**YOUR TASK**
Pull every line with "Desenvolvimento" from the data.

(Data items)
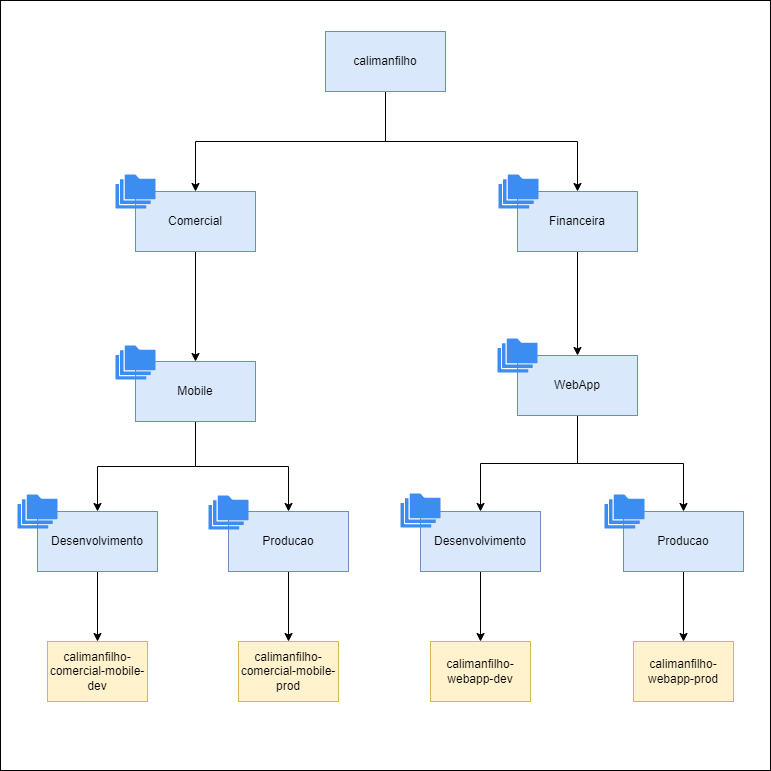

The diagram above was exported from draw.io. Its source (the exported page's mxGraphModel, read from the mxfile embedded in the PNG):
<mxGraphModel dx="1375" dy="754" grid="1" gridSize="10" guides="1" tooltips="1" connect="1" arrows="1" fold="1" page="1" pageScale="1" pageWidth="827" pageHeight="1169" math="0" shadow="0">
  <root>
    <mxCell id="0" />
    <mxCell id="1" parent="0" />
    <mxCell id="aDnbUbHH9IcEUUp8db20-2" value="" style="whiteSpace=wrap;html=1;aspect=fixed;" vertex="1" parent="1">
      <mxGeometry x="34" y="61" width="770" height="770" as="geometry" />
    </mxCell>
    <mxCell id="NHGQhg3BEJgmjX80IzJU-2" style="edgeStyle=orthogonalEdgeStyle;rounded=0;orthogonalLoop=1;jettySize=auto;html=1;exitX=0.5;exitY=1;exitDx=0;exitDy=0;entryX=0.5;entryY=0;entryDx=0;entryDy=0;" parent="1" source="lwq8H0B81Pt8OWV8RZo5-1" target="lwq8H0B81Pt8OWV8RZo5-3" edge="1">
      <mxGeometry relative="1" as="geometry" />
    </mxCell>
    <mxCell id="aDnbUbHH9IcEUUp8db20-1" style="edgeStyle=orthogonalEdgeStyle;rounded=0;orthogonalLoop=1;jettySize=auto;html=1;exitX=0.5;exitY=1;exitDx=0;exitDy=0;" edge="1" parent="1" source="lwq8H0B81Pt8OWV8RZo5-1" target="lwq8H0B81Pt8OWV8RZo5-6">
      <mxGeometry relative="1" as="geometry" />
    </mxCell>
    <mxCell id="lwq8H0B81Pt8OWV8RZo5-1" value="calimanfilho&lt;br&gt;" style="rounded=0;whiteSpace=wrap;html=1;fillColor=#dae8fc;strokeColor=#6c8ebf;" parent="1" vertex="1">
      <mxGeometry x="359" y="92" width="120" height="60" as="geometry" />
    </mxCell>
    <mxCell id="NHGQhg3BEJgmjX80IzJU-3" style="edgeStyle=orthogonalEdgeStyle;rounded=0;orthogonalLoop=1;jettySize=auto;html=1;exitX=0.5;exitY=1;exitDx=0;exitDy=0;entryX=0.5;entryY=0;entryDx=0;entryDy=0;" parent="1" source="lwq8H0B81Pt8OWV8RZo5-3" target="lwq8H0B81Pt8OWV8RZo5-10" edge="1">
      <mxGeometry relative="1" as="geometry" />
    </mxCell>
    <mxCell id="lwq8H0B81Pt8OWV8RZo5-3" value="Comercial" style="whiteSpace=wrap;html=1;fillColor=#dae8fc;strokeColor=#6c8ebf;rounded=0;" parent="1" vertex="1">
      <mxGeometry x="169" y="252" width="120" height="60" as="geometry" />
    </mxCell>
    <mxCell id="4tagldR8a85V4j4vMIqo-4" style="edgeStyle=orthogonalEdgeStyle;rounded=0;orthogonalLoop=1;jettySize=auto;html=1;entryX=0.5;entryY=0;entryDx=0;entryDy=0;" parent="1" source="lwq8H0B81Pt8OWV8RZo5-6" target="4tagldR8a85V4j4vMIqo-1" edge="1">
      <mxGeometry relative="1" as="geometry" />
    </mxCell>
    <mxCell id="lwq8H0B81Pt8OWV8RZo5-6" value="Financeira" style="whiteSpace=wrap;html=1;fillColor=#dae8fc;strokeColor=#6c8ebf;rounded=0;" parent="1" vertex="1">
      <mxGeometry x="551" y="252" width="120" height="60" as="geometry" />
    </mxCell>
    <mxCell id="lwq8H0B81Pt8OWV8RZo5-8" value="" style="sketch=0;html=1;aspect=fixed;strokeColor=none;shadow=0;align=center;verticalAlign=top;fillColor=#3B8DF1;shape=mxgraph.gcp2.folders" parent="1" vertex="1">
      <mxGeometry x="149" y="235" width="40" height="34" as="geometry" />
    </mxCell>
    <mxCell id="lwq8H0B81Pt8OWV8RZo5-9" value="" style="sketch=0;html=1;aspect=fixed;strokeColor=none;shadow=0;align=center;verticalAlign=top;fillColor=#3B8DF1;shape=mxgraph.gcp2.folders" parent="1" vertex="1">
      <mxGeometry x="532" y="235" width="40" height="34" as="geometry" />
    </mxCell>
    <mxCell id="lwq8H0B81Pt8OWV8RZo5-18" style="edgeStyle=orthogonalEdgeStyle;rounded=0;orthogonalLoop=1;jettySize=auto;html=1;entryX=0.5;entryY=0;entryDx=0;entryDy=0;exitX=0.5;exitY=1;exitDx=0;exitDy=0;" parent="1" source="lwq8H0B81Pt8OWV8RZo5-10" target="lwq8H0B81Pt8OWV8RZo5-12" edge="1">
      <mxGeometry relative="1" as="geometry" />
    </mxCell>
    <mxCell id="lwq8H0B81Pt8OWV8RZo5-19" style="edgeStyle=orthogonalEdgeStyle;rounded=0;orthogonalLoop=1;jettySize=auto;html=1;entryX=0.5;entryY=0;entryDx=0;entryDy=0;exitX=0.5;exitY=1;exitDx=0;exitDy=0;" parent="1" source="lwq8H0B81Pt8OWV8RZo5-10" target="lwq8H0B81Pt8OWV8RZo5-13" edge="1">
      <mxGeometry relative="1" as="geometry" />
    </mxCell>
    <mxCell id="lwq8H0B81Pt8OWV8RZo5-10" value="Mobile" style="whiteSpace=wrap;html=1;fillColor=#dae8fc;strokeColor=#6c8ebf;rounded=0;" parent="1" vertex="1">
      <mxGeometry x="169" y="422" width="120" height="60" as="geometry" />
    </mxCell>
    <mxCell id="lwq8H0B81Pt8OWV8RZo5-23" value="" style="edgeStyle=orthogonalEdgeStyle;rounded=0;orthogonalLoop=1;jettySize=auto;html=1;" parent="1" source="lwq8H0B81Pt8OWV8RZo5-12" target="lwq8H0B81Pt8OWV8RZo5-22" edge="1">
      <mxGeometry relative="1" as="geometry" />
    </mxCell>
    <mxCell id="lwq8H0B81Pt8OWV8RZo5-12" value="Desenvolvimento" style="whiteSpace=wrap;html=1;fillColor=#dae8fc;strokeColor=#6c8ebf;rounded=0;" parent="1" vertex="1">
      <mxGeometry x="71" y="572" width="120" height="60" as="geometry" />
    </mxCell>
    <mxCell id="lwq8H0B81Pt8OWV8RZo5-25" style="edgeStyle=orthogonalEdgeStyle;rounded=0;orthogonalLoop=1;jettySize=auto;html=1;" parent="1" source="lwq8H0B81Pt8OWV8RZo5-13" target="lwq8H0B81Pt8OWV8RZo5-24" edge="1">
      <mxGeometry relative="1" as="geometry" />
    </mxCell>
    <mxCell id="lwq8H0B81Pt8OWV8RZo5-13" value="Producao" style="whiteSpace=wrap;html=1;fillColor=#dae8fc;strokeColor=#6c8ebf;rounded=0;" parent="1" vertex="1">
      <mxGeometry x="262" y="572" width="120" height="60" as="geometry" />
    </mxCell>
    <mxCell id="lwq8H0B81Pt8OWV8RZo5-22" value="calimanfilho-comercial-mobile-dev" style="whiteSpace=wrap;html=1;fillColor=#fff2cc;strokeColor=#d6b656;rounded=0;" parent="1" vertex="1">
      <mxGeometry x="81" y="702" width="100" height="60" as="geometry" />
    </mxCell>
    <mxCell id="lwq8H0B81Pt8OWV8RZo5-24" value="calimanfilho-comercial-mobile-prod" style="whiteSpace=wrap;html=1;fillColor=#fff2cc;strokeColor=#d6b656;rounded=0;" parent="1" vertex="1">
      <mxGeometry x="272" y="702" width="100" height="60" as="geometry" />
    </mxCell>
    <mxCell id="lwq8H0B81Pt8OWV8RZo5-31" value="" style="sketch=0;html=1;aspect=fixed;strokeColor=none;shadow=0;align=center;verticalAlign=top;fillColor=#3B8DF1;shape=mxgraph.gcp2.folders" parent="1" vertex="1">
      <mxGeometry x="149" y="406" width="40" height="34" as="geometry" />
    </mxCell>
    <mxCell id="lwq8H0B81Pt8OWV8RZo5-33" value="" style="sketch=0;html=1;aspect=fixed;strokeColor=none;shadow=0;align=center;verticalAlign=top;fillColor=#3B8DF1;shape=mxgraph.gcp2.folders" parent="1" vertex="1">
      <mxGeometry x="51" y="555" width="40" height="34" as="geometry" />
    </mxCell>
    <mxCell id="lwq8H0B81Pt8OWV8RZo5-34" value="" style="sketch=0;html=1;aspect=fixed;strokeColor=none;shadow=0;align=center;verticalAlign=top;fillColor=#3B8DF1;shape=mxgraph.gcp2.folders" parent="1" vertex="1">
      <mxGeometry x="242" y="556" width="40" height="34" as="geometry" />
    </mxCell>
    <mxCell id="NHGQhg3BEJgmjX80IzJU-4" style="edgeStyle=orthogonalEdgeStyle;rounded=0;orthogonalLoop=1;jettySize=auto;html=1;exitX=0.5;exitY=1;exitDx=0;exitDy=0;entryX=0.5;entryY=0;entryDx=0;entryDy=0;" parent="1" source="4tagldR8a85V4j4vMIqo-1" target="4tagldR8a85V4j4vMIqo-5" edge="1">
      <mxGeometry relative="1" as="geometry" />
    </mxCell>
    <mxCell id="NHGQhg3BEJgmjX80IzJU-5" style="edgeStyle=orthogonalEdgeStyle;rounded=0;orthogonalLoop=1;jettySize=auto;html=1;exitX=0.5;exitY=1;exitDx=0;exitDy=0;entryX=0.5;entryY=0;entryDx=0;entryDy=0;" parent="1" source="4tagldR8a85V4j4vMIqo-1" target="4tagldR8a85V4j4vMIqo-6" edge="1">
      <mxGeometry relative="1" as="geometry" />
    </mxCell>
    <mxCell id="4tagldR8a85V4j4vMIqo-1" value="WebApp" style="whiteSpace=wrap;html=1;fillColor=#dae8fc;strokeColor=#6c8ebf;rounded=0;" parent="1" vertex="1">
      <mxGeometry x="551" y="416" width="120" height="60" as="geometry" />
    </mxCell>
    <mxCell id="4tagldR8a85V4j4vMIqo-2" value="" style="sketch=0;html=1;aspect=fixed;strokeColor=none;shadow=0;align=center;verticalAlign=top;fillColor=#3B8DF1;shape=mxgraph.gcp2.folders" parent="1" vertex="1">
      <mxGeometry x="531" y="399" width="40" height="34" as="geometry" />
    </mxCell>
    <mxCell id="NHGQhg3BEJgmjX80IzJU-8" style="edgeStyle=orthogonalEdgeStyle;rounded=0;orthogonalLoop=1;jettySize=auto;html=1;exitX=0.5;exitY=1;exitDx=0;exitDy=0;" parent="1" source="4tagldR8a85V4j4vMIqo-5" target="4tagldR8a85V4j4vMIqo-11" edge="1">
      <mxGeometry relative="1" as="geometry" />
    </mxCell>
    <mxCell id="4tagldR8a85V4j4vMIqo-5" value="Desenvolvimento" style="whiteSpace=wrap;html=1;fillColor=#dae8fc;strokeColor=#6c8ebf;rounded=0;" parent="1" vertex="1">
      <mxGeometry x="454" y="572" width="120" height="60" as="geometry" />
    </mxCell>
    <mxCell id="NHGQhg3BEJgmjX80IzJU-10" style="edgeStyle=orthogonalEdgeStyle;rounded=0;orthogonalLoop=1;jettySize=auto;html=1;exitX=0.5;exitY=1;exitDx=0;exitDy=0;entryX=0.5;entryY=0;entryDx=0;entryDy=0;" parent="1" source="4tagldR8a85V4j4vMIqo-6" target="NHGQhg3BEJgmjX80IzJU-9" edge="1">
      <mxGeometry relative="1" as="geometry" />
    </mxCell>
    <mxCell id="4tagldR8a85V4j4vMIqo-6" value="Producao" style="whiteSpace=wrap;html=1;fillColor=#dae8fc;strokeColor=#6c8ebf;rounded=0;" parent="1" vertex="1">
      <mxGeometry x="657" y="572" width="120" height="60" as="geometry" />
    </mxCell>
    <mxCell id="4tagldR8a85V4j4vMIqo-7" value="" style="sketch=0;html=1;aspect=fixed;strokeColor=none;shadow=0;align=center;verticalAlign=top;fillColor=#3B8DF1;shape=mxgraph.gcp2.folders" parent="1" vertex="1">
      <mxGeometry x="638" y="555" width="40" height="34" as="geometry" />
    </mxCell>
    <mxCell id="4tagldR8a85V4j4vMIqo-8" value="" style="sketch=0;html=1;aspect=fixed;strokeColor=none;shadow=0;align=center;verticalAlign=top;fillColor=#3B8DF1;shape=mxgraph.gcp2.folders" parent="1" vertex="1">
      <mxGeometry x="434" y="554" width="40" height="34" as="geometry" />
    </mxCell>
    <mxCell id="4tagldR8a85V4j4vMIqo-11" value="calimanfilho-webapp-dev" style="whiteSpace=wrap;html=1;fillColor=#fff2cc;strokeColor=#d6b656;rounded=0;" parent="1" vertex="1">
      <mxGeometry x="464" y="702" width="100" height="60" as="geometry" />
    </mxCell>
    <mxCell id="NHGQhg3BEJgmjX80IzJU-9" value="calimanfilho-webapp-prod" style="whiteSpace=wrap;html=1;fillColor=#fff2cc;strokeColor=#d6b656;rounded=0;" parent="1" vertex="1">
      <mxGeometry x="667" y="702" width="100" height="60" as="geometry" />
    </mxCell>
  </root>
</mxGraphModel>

**TASK OUTPUT**
    <mxCell id="lwq8H0B81Pt8OWV8RZo5-12" value="Desenvolvimento" style="whiteSpace=wrap;html=1;fillColor=#dae8fc;strokeColor=#6c8ebf;rounded=0;" parent="1" vertex="1">
    <mxCell id="4tagldR8a85V4j4vMIqo-5" value="Desenvolvimento" style="whiteSpace=wrap;html=1;fillColor=#dae8fc;strokeColor=#6c8ebf;rounded=0;" parent="1" vertex="1">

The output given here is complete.